To clarify why I think two-boxing is the right choice, I would propose a real life experiment. Let’s say we developed a survey, which, by asking people various questions about logic or the paranormal etc..., we use to classify them into one-boxers or two-boxers. The crux of the setup is, all the volunteers we take have never heard of the Newcomb Paradox; we make up any reason we want for them to take the survey. THEN, having already placed money or no money in box B, we give them the story about Omega and let them make the choice. Hypothetically, our survey could be 100% accurate; even if not it may be very accurate such that many of our predicted one-boxers will be glad to find their choice rewarded. In essence, they cannot “precommit” and their choice won’t magically change the contents of the box (based on a human survey). They also cannot go back and convince themselves to cheat on our survey—it’s impossible—and that is how Omega is supposed to operate. The point is, from the experimental point of view, every single person would make more from taking both boxes, because at the time of choice there’s always the extra $1000 in box A.
The key point you’ve missed in your analysis, however, is that Omega is almost always correct in his predictions.
It doesn’t matter how Omega does it—that is a separate problem. You don’t have enough information about his process of prediction to make any rational judgment about it except for the fact that it is a very, very good process. Brain scans, reversed causality, time travel, none of those ideas matter.
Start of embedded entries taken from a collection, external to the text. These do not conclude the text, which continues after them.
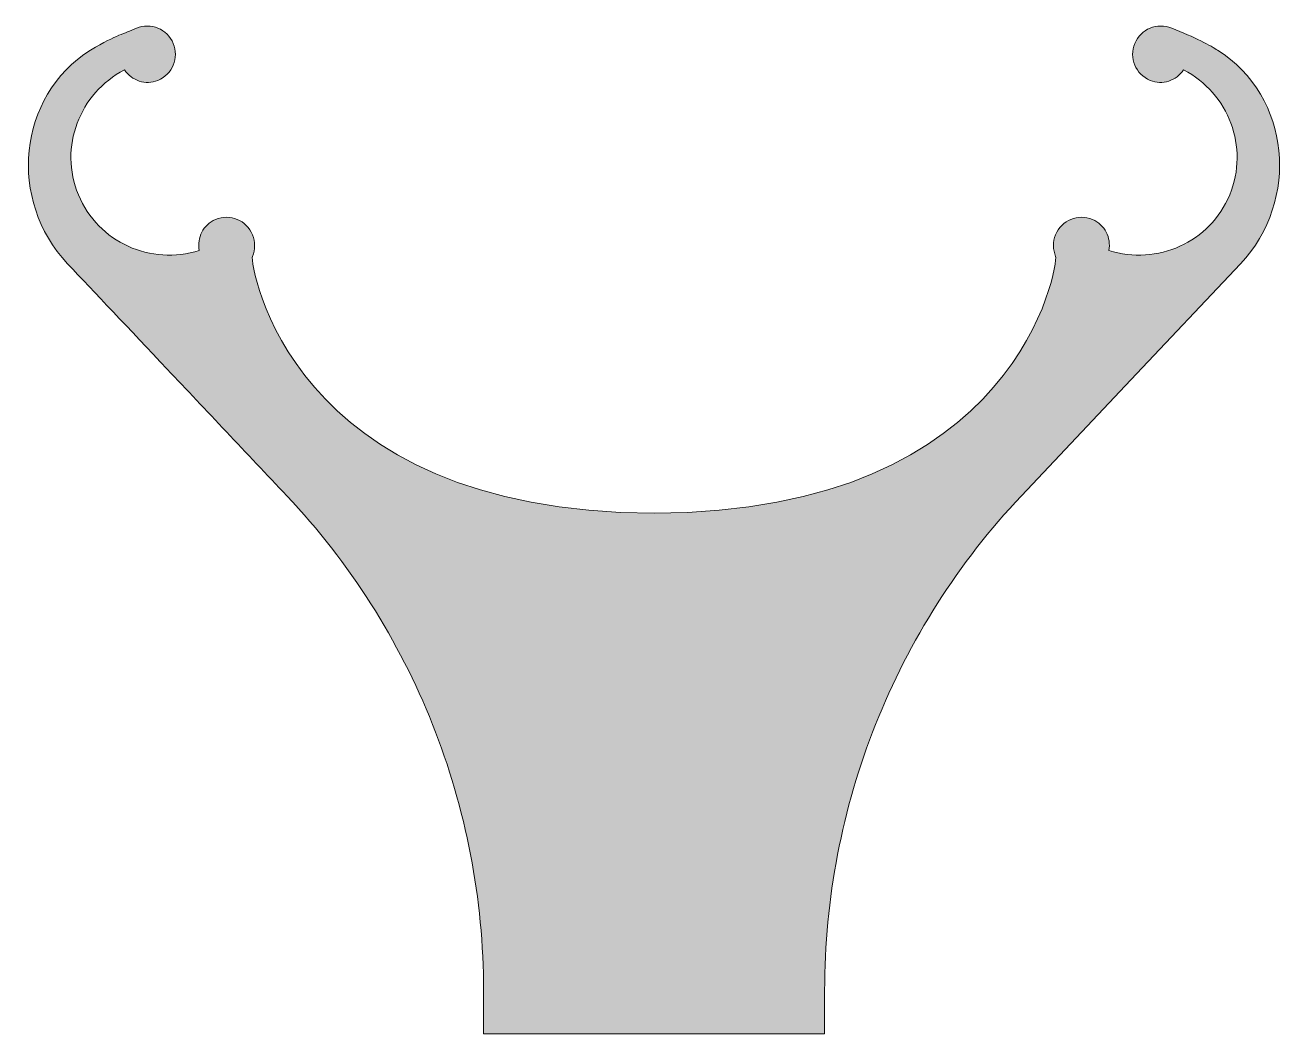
# Model space of a CAD drawing. Header units: millimetres. Extents: x 0.4 to 13.7, y -11 to -0.2.
import ezdxf

# ---------------------------------------------------------------- set-up
doc = ezdxf.new("R2010")
doc.units = ezdxf.units.MM
doc.header["$MEASUREMENT"] = 0
doc.layers.add('Layer 1', color=7, linetype='Continuous')

# ---------------------------------------------------------------- blocks, each defined once
blk = doc.blocks.new('block 2')
at = {"layer": 'Layer 1', "true_color": 0x231f20}
h = blk.add_hatch(color=179, dxfattribs=at)
h.dxf.hatch_style = 2
edge = h.paths.add_edge_path()
edge.add_spline(control_points=[(5.253, -10.493), (5.253, -10.493), (5.253, -10.722), (5.253, -10.722), (5.253, -10.722), (5.253, -10.951), (5.253, -10.951), (5.253, -10.951), (7.065, -10.951), (7.065, -10.951), (7.065, -10.951), (8.878, -10.951), (8.878, -10.951), (8.878, -10.951), (8.878, -10.722), (8.878, -10.722), (8.878, -10.722), (8.878, -10.493), (8.878, -10.493), (8.878, -9.515), (9.065, -8.556), (9.42, -7.663), (9.775, -6.77), (10.297, -5.944), (10.969, -5.233), (10.969, -5.233), (12.133, -4.001), (12.133, -4.001), (12.133, -4.001), (13.297, -2.768), (13.297, -2.768), (13.614, -2.433), (13.748, -1.988), (13.706, -1.566), (13.663, -1.143), (13.444, -0.743), (13.053, -0.498), (12.994, -0.458), (12.807, -0.356), (12.567, -0.264), (12.49, -0.233), (12.408, -0.235), (12.337, -0.264), (12.266, -0.294), (12.206, -0.35), (12.175, -0.427), (12.143, -0.503), (12.145, -0.585), (12.175, -0.656), (12.204, -0.727), (12.261, -0.787), (12.337, -0.819), (12.404, -0.846), (12.473, -0.847), (12.536, -0.827), (12.599, -0.806), (12.655, -0.765), (12.694, -0.708), (12.933, -0.832), (13.108, -1.037), (13.196, -1.275), (13.285, -1.512), (13.288, -1.782), (13.183, -2.035), (13.079, -2.288), (12.886, -2.477), (12.655, -2.582), (12.424, -2.687), (12.156, -2.709), (11.899, -2.627), (11.912, -2.559), (11.901, -2.49), (11.871, -2.432), (11.841, -2.373), (11.791, -2.324), (11.725, -2.297), (11.648, -2.265), (11.566, -2.267), (11.495, -2.297), (11.424, -2.326), (11.365, -2.383), (11.333, -2.459), (11.301, -2.536), (11.304, -2.618), (11.333, -2.689), (11.362, -2.76), (10.968, -5.417), (7.065, -5.417), (3.162, -5.417), (2.768, -2.76), (2.797, -2.689), (2.827, -2.618), (2.829, -2.536), (2.797, -2.459), (2.766, -2.383), (2.706, -2.326), (2.635, -2.297), (2.564, -2.267), (2.482, -2.265), (2.405, -2.297), (2.339, -2.324), (2.289, -2.373), (2.259, -2.432), (2.229, -2.49), (2.219, -2.559), (2.231, -2.627), (1.975, -2.709), (1.706, -2.687), (1.475, -2.582), (1.245, -2.477), (1.052, -2.288), (0.947, -2.035), (0.842, -1.782), (0.845, -1.512), (0.934, -1.275), (1.023, -1.037), (1.197, -0.832), (1.436, -0.708), (1.476, -0.765), (1.532, -0.806), (1.594, -0.827), (1.657, -0.847), (1.727, -0.846), (1.793, -0.819), (1.87, -0.787), (1.926, -0.727), (1.955, -0.656), (1.985, -0.585), (1.987, -0.503), (1.955, -0.427), (1.924, -0.35), (1.864, -0.294), (1.793, -0.264), (1.722, -0.235), (1.64, -0.233), (1.564, -0.264), (1.423, -0.331), (1.37, -0.323), (1.077, -0.498), (0.686, -0.743), (0.467, -1.143), (0.424, -1.565), (0.381, -1.987), (0.515, -2.432), (0.832, -2.767), (1.117, -3.068), (1.487, -3.46), (1.892, -3.889), (2.297, -4.318), (2.738, -4.784), (3.162, -5.234), (3.833, -5.945), (4.356, -6.771), (4.711, -7.663), (5.066, -8.556), (5.253, -9.515), (5.253, -10.493)], knot_values=[0, 0, 0, 0, 1, 1, 1, 2, 2, 2, 3, 3, 3, 4, 4, 4, 5, 5, 5, 6, 6, 6, 7, 7, 7, 8, 8, 8, 9, 9, 9, 10, 10, 10, 11, 11, 11, 12, 12, 12, 13, 13, 13, 14, 14, 14, 15, 15, 15, 16, 16, 16, 17, 17, 17, 18, 18, 18, 19, 19, 19, 20, 20, 20, 21, 21, 21, 22, 22, 22, 23, 23, 23, 24, 24, 24, 25, 25, 25, 26, 26, 26, 27, 27, 27, 28, 28, 28, 29, 29, 29, 30, 30, 30, 31, 31, 31, 32, 32, 32, 33, 33, 33, 34, 34, 34, 35, 35, 35, 36, 36, 36, 37, 37, 37, 38, 38, 38, 39, 39, 39, 40, 40, 40, 41, 41, 41, 42, 42, 42, 43, 43, 43, 44, 44, 44, 45, 45, 45, 46, 46, 46, 47, 47, 47, 48, 48, 48, 49, 49, 49, 50, 50, 50, 51, 51, 51, 52, 52, 52, 52], degree=3, periodic=1)
at = {"layer": 'Layer 1', "lineweight": 0}
blk.add_open_spline([(5.253, -10.493), (5.253, -10.493), (5.253, -10.722), (5.253, -10.722), (5.253, -10.722), (5.253, -10.951), (5.253, -10.951), (5.253, -10.951), (7.065, -10.951), (7.065, -10.951), (7.065, -10.951), (8.878, -10.951), (8.878, -10.951), (8.878, -10.951), (8.878, -10.722), (8.878, -10.722), (8.878, -10.722), (8.878, -10.493), (8.878, -10.493), (8.878, -9.515), (9.065, -8.556), (9.42, -7.663), (9.775, -6.77), (10.297, -5.944), (10.969, -5.233), (10.969, -5.233), (12.133, -4.001), (12.133, -4.001), (12.133, -4.001), (13.297, -2.768), (13.297, -2.768), (13.614, -2.433), (13.748, -1.988), (13.706, -1.566), (13.663, -1.143), (13.444, -0.743), (13.053, -0.498), (12.994, -0.458), (12.807, -0.356), (12.567, -0.264), (12.49, -0.233), (12.408, -0.235), (12.337, -0.264), (12.266, -0.294), (12.206, -0.35), (12.175, -0.427), (12.143, -0.503), (12.145, -0.585), (12.175, -0.656), (12.204, -0.727), (12.261, -0.787), (12.337, -0.819), (12.404, -0.846), (12.473, -0.847), (12.536, -0.827), (12.599, -0.806), (12.655, -0.765), (12.694, -0.708), (12.933, -0.832), (13.108, -1.037), (13.196, -1.275), (13.285, -1.512), (13.288, -1.782), (13.183, -2.035), (13.079, -2.288), (12.886, -2.477), (12.655, -2.582), (12.424, -2.687), (12.156, -2.709), (11.899, -2.627), (11.912, -2.559), (11.901, -2.49), (11.871, -2.432), (11.841, -2.373), (11.791, -2.324), (11.725, -2.297), (11.648, -2.265), (11.566, -2.267), (11.495, -2.297), (11.424, -2.326), (11.365, -2.383), (11.333, -2.459), (11.301, -2.536), (11.304, -2.618), (11.333, -2.689), (11.362, -2.76), (10.968, -5.417), (7.065, -5.417), (3.162, -5.417), (2.768, -2.76), (2.797, -2.689), (2.827, -2.618), (2.829, -2.536), (2.797, -2.459), (2.766, -2.383), (2.706, -2.326), (2.635, -2.297), (2.564, -2.267), (2.482, -2.265), (2.405, -2.297), (2.339, -2.324), (2.289, -2.373), (2.259, -2.432), (2.229, -2.49), (2.219, -2.559), (2.231, -2.627), (1.975, -2.709), (1.706, -2.687), (1.475, -2.582), (1.245, -2.477), (1.052, -2.288), (0.947, -2.035), (0.842, -1.782), (0.845, -1.512), (0.934, -1.275), (1.023, -1.037), (1.197, -0.832), (1.436, -0.708), (1.476, -0.765), (1.532, -0.806), (1.594, -0.827), (1.657, -0.847), (1.727, -0.846), (1.793, -0.819), (1.87, -0.787), (1.926, -0.727), (1.955, -0.656), (1.985, -0.585), (1.987, -0.503), (1.955, -0.427), (1.924, -0.35), (1.864, -0.294), (1.793, -0.264), (1.722, -0.235), (1.64, -0.233), (1.564, -0.264), (1.423, -0.331), (1.37, -0.323), (1.077, -0.498), (0.686, -0.743), (0.467, -1.143), (0.424, -1.565), (0.381, -1.987), (0.515, -2.432), (0.832, -2.767), (1.117, -3.068), (1.487, -3.46), (1.892, -3.889), (2.297, -4.318), (2.738, -4.784), (3.162, -5.234), (3.833, -5.945), (4.356, -6.771), (4.711, -7.663), (5.066, -8.556), (5.253, -9.515), (5.253, -10.493)], degree=3, knots=[0, 0, 0, 0, 1, 1, 1, 2, 2, 2, 3, 3, 3, 4, 4, 4, 5, 5, 5, 6, 6, 6, 7, 7, 7, 8, 8, 8, 9, 9, 9, 10, 10, 10, 11, 11, 11, 12, 12, 12, 13, 13, 13, 14, 14, 14, 15, 15, 15, 16, 16, 16, 17, 17, 17, 18, 18, 18, 19, 19, 19, 20, 20, 20, 21, 21, 21, 22, 22, 22, 23, 23, 23, 24, 24, 24, 25, 25, 25, 26, 26, 26, 27, 27, 27, 28, 28, 28, 29, 29, 29, 30, 30, 30, 31, 31, 31, 32, 32, 32, 33, 33, 33, 34, 34, 34, 35, 35, 35, 36, 36, 36, 37, 37, 37, 38, 38, 38, 39, 39, 39, 40, 40, 40, 41, 41, 41, 42, 42, 42, 43, 43, 43, 44, 44, 44, 45, 45, 45, 46, 46, 46, 47, 47, 47, 48, 48, 48, 49, 49, 49, 50, 50, 50, 51, 51, 51, 52, 52, 52, 52], dxfattribs=at)

msp = doc.modelspace()

# ---------------------------------------------------------------- block references
at = {"layer": 'Layer 1'}
msp.add_blockref('block 2', (0, 0), dxfattribs=at)

doc.saveas('drawing.dxf')

In the paradox as originally posed, all you have are guesses about how he may have done it, and you would be an utter fool to give higher weight to those guesses than to the fact that Omega is always right.
The if observations (that Omega is always right) disagree with theory (that Omega cannot possibly be right), it is the theory that is wrong, every time.
Thus the rational agent should, in this situation, give extremely low weight to his understanding of the way the universe works, since it is obviously flawed (the existence of a perfect predictor proves this). The question really comes down to 100% chance of getting $1000 plus a nearly 0% chance of getting $1.01 million, vs nearly 100% chance of getting $1 million.
What really blows my mind about making the 2-box choice is that you can significantly reduce Omega’s ability to predict the outcome, and unless you are absolutely desperate for that $1000* the 2-box choice doesn’t become superior until Omega is only roughly 50% accurate (at 50.1% the outcome equalizes). Only then do you expect to get more money, on average, by choosing both boxes.
In other words, if you think Omega is doing anything but flipping a coin to determine the contents of box B, you are better off choosing box B.
*I could see the value of $1000 rising significantly if, for example, a man is holding a gun to your head and will kill you in two minutes if you don’t give him $1000. In this case, any uncertainty of Omega’s abilities are overshadowed by the certainty of the $1000. This inverts if the man with the gun is demanding more than $1000 - making the 2-box choice a non-option.